Für viele Studierende sei es in der Hoch-Zeit der Corona-Pandemie einfacher gewesen, einen Studienaufenthalt oder ein Studium im EU-Ausland zu planen und anzutreten, meint der Sprecher des Deutschen Akademischen Austauschdienstes (DAAD), Michael Flacke. «Insbesondere, da es nach dem Sommer 2020 keine Einreisebeschränkungen für Studierende in der EU mehr gab und sie, unter Einhaltung aller Corona-Maßnahmen, gut ins Gastland reisen konnten.»

Strand statt Sofa

Vor allem wegen des starken Wunsches nach Abwechslung seien junge Leute daher zu Kompromissen bereit gewesen, sagt Ilse Page von der Hochschule für Wirtschaft und Gesellschaft Ludwigshafen (HWG). Der Reiz, sich nach Online-Vorlesungen statt auf das Sofa an den Strand zu legen, habe viele von einem Semester in Europa überzeugt.

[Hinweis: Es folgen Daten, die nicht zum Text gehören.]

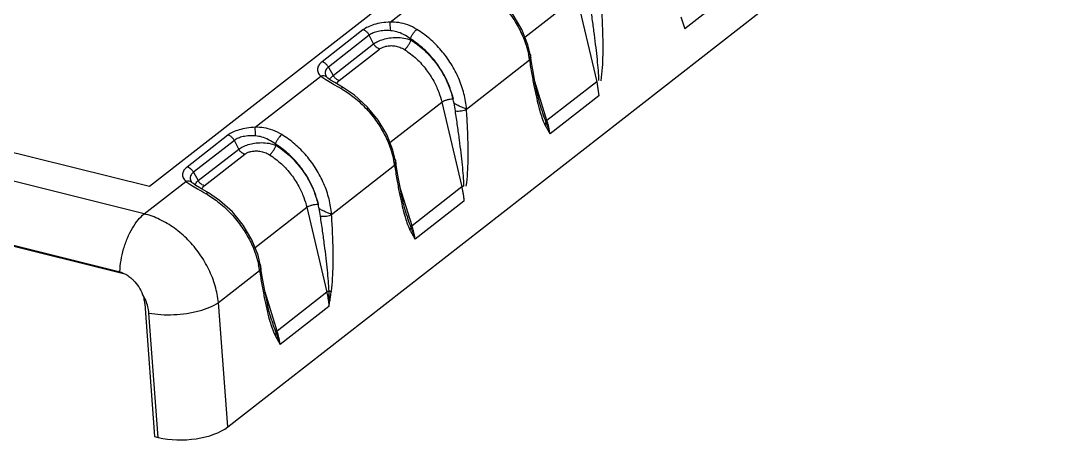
# Model space of a CAD drawing. Header units: inches. Extents: x 3700 to 4563, y 1353 to 2328.
# Drawn here: x 4314.38 to 4354.57, y 1474.1 to 1490.43 of the extents above; entities that cross this region are included whole.
import ezdxf

# ---------------------------------------------------------------- set-up
doc = ezdxf.new("R2010")
doc.units = ezdxf.units.IN
doc.header["$LTSCALE"] = 0.5
doc.layers.add('06___PRT_ALL_SURFS', color=7, linetype='Continuous')

msp = doc.modelspace()

# ---------------------------------------------------------------- linework, layer by layer
at = {"color": 7, "linetype": 'Continuous'}
for p, q in [((4319.35, 1484.036), (4354.393, 1511.359)), ((4322.376, 1474.734), (4359.95, 1504.03)), ((4328.662, 1490.385), (4331.198, 1492.363)), ((4341.947, 1491.598), (4340.059, 1490.126)), ((4327.606, 1490.082), (4326.024, 1488.849)), ((4334.074, 1489.147), (4334.074, 1489.146)), ((4331.611, 1487.02), (4334.046, 1488.919)), ((4323.444, 1486.317), (4325.98, 1488.294)), ((4326.164, 1488.165), (4326.17, 1488.161)), ((4326.219, 1488.244), (4326.218, 1488.245)), ((4336.729, 1487.53), (4334.841, 1486.058)), ((4306.233, 1487.299), (4319.35, 1484.036)), ((4319.152, 1482.97), (4304.263, 1486.674)), ((4322.388, 1486.014), (4320.806, 1484.78)), ((4326.392, 1482.952), (4328.828, 1484.851)), ((4328.856, 1485.078), (4328.856, 1485.077)), ((4303.367, 1484.423), (4318.161, 1480.743)), ((4318.45, 1480.62), (4303.924, 1484.234)), ((4319.152, 1482.97), (4320.762, 1484.226)), ((4320.946, 1484.096), (4320.952, 1484.092)), ((4321.001, 1484.175), (4321, 1484.176)), ((4331.51, 1483.461), (4329.623, 1481.989)), ((4318.161, 1480.743), (4318.249, 1480.712)), ((4318.208, 1480.73), (4318.251, 1480.716)), ((4322.016, 1479.539), (4323.61, 1480.782)), ((4323.637, 1481.01), (4323.638, 1481.009)), ((4319.166, 1479.488), (4319.55, 1474.365)), ((4322.376, 1474.734), (4322.016, 1479.539)), ((4319.692, 1474.329), (4319.332, 1479.135)), ((4326.292, 1479.392), (4324.404, 1477.921)), ((4319.55, 1474.365), (4319.692, 1474.329))]:
    msp.add_line(p, q, dxfattribs=at)
for p, q in [((4339.895, 1490.591), (4340.059, 1490.126)), ((4336.645, 1488.078), (4336.729, 1487.53))]:
    msp.add_line(p, q)
for centre, radius, start, end in [((4330.784, 1488.461), 3.294, 9.5294, 11.7489), ((4322.992, 1489.382), 13.9, 356.88, 358.9309), ((4330.888, 1488.478), 3.189, 7.9392, 9.5258), ((4324.62, 1489.576), 12.288, 353.166, 355.5649), ((4327.9, 1490.918), 3.255, 237.1015, 237.7708), ((4326.076, 1488.093), 0.208, 46.9119, 56.5021), ((4324.759, 1484.392), 3.967, 58.8979, 59.7122), ((4341.202, 1488.886), 7.028, 195.2774, 195.9323), ((4325.565, 1484.392), 3.294, 9.5294, 11.7489), ((4325.669, 1484.41), 3.189, 7.9392, 9.5258), ((4317.774, 1485.314), 13.9, 356.88, 358.9309), ((4319.402, 1485.507), 12.288, 353.166, 355.5649), ((4322.681, 1486.85), 3.255, 237.1015, 237.7708), ((4320.858, 1484.024), 0.208, 46.9119, 56.5021), ((4319.54, 1480.324), 3.967, 58.8979, 59.7122), ((4335.984, 1484.818), 7.028, 195.2774, 195.9323), ((4317.928, 1479.807), 0.965, 73.0878, 76.0149), ((4320.347, 1480.324), 3.294, 9.5294, 11.7489), ((4320.451, 1480.341), 3.189, 7.9392, 9.5258), ((4312.555, 1481.245), 13.9, 356.88, 358.9309), ((4314.184, 1481.439), 12.288, 353.166, 355.5649), ((4319.569, 1479.705), 6.73, 357.3409, 2.3961), ((4330.766, 1480.749), 7.028, 195.2774, 195.9323)]:
    msp.add_arc(centre, radius, start, end, dxfattribs=at)
msp.add_ellipse((4320.733, 1475.145), major_axis=(1.947, 0.115), ratio=0.465239, start_param=-2.161849, end_param=-0.593792, dxfattribs=at)
for points, start_tangent, end_tangent in [([(4332.026, 1491.857), (4332.49, 1491.532), (4332.957, 1491.097), (4333.36, 1490.598), (4333.683, 1490.055), (4333.915, 1489.488), (4334.009, 1489.131)], (0.856254, -0.516554), (0.203503, -0.979074)), ([(4336.889, 1489.123), (4336.889, 1489.738), (4336.868, 1490.393), (4336.829, 1491.089)], (0.016915, 0.999857), (-0.066563, 0.997782)), ([(4328.662, 1490.385), (4328.328, 1490.352), (4328.033, 1490.286), (4327.789, 1490.193), (4327.606, 1490.082)], (-0.999017, -0.044329), (-0.78858, -0.614932)), ([(4329.689, 1490.102), (4329.337, 1490.274), (4328.99, 1490.364), (4328.662, 1490.385)], (-0.852959, 0.521977), (-0.999741, -0.02277)), ([(4328.672, 1490.05), (4328.666, 1490.183), (4328.663, 1490.301), (4328.662, 1490.385)], (-0.048528, 0.998822), (0.010414, 0.999946)), ([(4327.852, 1489.88), (4327.787, 1489.971), (4327.701, 1490.042), (4327.606, 1490.082)], (-0.472758, 0.881192), (-0.970424, 0.241408)), ([(4329.442, 1489.733), (4329.485, 1489.836), (4329.546, 1489.942), (4329.618, 1490.035), (4329.689, 1490.102)], (0.30528, 0.952263), (0.802004, 0.597319)), ([(4331.611, 1487.021), (4331.512, 1487.615), (4331.311, 1488.205), (4331.015, 1488.77), (4330.636, 1489.288), (4330.188, 1489.738), (4329.689, 1490.102)], (-0.077975, 0.996955), (-0.852968, 0.521963)), ([(4334.074, 1489.146), (4334.079, 1489.056), (4334.076, 1489.026)], (0.180894, -0.983503), (-0.143533, -0.989646)), ([(4326.024, 1488.849), (4325.903, 1488.723), (4325.849, 1488.583), (4325.873, 1488.437), (4325.98, 1488.294)], (-0.788632, -0.614865), (0.732067, -0.681232)), ([(4326.27, 1488.646), (4326.204, 1488.738), (4326.119, 1488.808), (4326.024, 1488.849)], (-0.472762, 0.88119), (-0.970423, 0.241412)), ([(4334.076, 1489.026), (4334.046, 1488.919)], (-0.143533, -0.989646), (-0.386005, -0.922497)), ([(4334.095, 1489.021), (4334.09, 1488.98), (4334.046, 1488.919)], (0.127296, -0.991865), (-0.744648, -0.667458)), ([(4334.046, 1488.919), (4334.136, 1488.368), (4334.228, 1487.872), (4334.324, 1487.429), (4334.422, 1487.035)], (0.150028, -0.988682), (0.263717, -0.9646)), ([(4326.191, 1488.267), (4326.099, 1488.302), (4325.98, 1488.294)], (-0.833879, 0.551947), (-0.965872, -0.25902)), ([(4325.98, 1488.294), (4326.132, 1488.185)], (0.771652, -0.636045), (0.839457, -0.543427)), ([(4326.17, 1488.161), (4326.43, 1488.007), (4326.759, 1487.818)], (0.846742, -0.532004), (0.863496, -0.504356)), ([(4326.849, 1487.848), (4326.817, 1487.851), (4326.759, 1487.818)], (-0.910436, 0.41365), (-0.774601, -0.63245)), ([(4326.808, 1487.789), (4327.272, 1487.464), (4327.738, 1487.028), (4328.142, 1486.529), (4328.465, 1485.986), (4328.697, 1485.419), (4328.791, 1485.063)], (0.856254, -0.516554), (0.203503, -0.979074)), ([(4331.611, 1487.021), (4331.517, 1487.059), (4331.393, 1487.108), (4331.257, 1487.171), (4331.128, 1487.246)], (-0.912304, 0.409515), (-0.822985, 0.568062)), ([(4331.18, 1486.953), (4331.295, 1486.945), (4331.417, 1486.955), (4331.527, 1486.981), (4331.611, 1487.021)], (0.987382, -0.158354), (0.830226, 0.557427)), ([(4331.671, 1485.054), (4331.671, 1485.67), (4331.65, 1486.324), (4331.611, 1487.02)], (0.016915, 0.999857), (-0.066563, 0.997782)), ([(4334.444, 1486.957), (4334.527, 1486.693), (4334.642, 1486.413)], (0.274725, -0.961523), (0.433165, -0.901315)), ([(4323.444, 1486.317), (4323.11, 1486.283), (4322.815, 1486.217), (4322.571, 1486.125), (4322.388, 1486.014)], (-0.999017, -0.044329), (-0.78858, -0.614932)), ([(4324.471, 1486.034), (4324.119, 1486.205), (4323.772, 1486.295), (4323.443, 1486.316)], (-0.852959, 0.521977), (-0.999741, -0.02277)), ([(4323.454, 1485.982), (4323.448, 1486.114), (4323.445, 1486.232), (4323.444, 1486.317)], (-0.048528, 0.998822), (0.010414, 0.999946)), ([(4334.677, 1486.522), (4334.671, 1486.486), (4334.66, 1486.449), (4334.642, 1486.413)], (-0.059711, -0.998216), (-0.490237, -0.871589)), ([(4334.642, 1486.413), (4334.707, 1486.294), (4334.773, 1486.176), (4334.841, 1486.058)], (0.470268, -0.882524), (0.496921, -0.867796)), ([(4334.677, 1486.522), (4334.71, 1486.436), (4334.74, 1486.356), (4334.766, 1486.283), (4334.789, 1486.217), (4334.809, 1486.157), (4334.826, 1486.104), (4334.841, 1486.058)], (0.368358, -0.929684), (0.292884, -0.956148)), ([(4334.841, 1486.058), (4334.818, 1486.191), (4334.791, 1486.323), (4334.758, 1486.452), (4334.721, 1486.578)], (-0.144965, 0.989437), (-0.298547, 0.954395)), ([(4322.634, 1485.811), (4322.568, 1485.903), (4322.483, 1485.973), (4322.388, 1486.014)], (-0.472758, 0.881192), (-0.970424, 0.241408)), ([(4324.223, 1485.664), (4324.266, 1485.768), (4324.328, 1485.873), (4324.4, 1485.967), (4324.471, 1486.034)], (0.30528, 0.952263), (0.802004, 0.597319)), ([(4326.393, 1482.952), (4326.294, 1483.546), (4326.093, 1484.137), (4325.797, 1484.701), (4325.418, 1485.219), (4324.97, 1485.669), (4324.471, 1486.034)], (-0.077975, 0.996955), (-0.852968, 0.521963)), ([(4320.806, 1484.78), (4320.685, 1484.654), (4320.631, 1484.514), (4320.655, 1484.369), (4320.762, 1484.226)], (-0.788632, -0.614865), (0.732067, -0.681232)), ([(4321.052, 1484.577), (4320.986, 1484.669), (4320.901, 1484.739), (4320.806, 1484.78)], (-0.472762, 0.88119), (-0.970423, 0.241412)), ([(4328.858, 1484.957), (4328.827, 1484.85)], (-0.143533, -0.989646), (-0.386005, -0.922497)), ([(4328.876, 1484.952), (4328.872, 1484.911), (4328.828, 1484.851)], (0.127296, -0.991865), (-0.744648, -0.667458)), ([(4328.828, 1484.851), (4328.918, 1484.299), (4329.01, 1483.804), (4329.106, 1483.36), (4329.204, 1482.966)], (0.150028, -0.988682), (0.263717, -0.9646)), ([(4328.856, 1485.077), (4328.861, 1484.988), (4328.858, 1484.957)], (0.180894, -0.983503), (-0.143533, -0.989646)), ([(4320.973, 1484.198), (4320.881, 1484.233), (4320.762, 1484.226)], (-0.833879, 0.551947), (-0.965872, -0.25902)), ([(4320.762, 1484.226), (4320.913, 1484.117)], (0.771652, -0.636045), (0.839457, -0.543427)), ([(4320.952, 1484.092), (4321.212, 1483.938), (4321.541, 1483.749)], (0.846742, -0.532004), (0.863496, -0.504356)), ([(4331.426, 1484.01), (4331.454, 1483.88), (4331.478, 1483.745), (4331.497, 1483.605), (4331.51, 1483.461)], (0.226665, -0.973973), (0.071537, -0.997438)), ([(4321.631, 1483.78), (4321.599, 1483.783), (4321.541, 1483.749)], (-0.910436, 0.41365), (-0.774601, -0.63245)), ([(4321.59, 1483.72), (4322.053, 1483.395), (4322.52, 1482.96), (4322.923, 1482.461), (4323.247, 1481.917), (4323.478, 1481.351), (4323.572, 1480.994)], (0.856254, -0.516554), (0.203503, -0.979074)), ([(4326.393, 1482.952), (4326.299, 1482.99), (4326.175, 1483.04), (4326.039, 1483.102), (4325.91, 1483.178)], (-0.912304, 0.409515), (-0.822985, 0.568062)), ([(4318.208, 1480.73), (4318.254, 1481.169), (4318.353, 1481.613), (4318.502, 1482.037), (4318.692, 1482.418), (4318.913, 1482.735), (4319.152, 1482.97)], (0.039233, 0.99923), (0.788621, 0.61488)), ([(4322.016, 1479.539), (4321.892, 1480.183), (4321.646, 1480.822), (4321.29, 1481.425), (4320.839, 1481.964), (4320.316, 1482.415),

Einige Studierende seien über das Online-Angebot der Partner-Unis aus der heimischen WG ins Auslandssemester gestartet, sagt die Beraterin. Rund 17 Prozent aller Stipendiatinnen und Stipendiaten des DAAD beispielsweise nutzten Ende 2021 diese Möglichkeit, wie Flacke berichtet. «Rund acht Prozent haben den Start des Stipendiums verschoben, weniger als ein Prozent ist vom Stipendium zurückgetreten.» Dem Großteil sei es jedoch möglich gewesen, wie geplant an die Unis ins Ausland zu reisen.

«Ein Auslandssemester ist immer eine Mega-Erfahrung»

Aufenthalte innerhalb Europas können bald bei den Studierenden beliebter sein als in Übersee, meint der Experte. «Insgesamt fühlt sich das vielleicht ein bisschen sicherer an, als komplett ans andere Ende der Welt zu reisen», sagt auch Alexandra Michel, Geschäftsführerin von College Contact. Die Agentur mit Sitz in Frankfurt berät junge Leute vor einem Auslandsaufenthalt und vermittelt sie an Universitäten in der ganzen Welt.

«Kann man einreisen? Kann man aber auch schnell hin- und zurückkommen?» Das seien die Fragen, die viele Interessierte vorab beschäftigten. Der Gedanke, bei einer möglichen Corona-Erkrankung nicht allzu weit vom Zuhause entfernt zu sein, sei für viele beruhigend, erklärt Michel. Auch deshalb habe die Agentur ihr innereuropäisches Angebot weiter ausgebaut. «Irgendwas geht dann immer. Wenn die Studierenden flexibel sind, gibt es da durchaus Möglichkeiten.» Generell seien jedoch die USA weiterhin das am stärksten nachgefragte Gastland der Agentur.

Aus Sicht des Mainzer Studenten Jutzi lohnt es sich, bei der Planung des Auslandssemesters Kompromisse einzugehen. «Wenn man bereit ist, sich auf etwas Neues einzulassen, dann ist ein Auslandssemester immer eine Mega-Erfahrung. Mir hat es unglaublich viel Spaß gemacht und unglaublich viel gebracht, das Semester in Memphis zu machen.»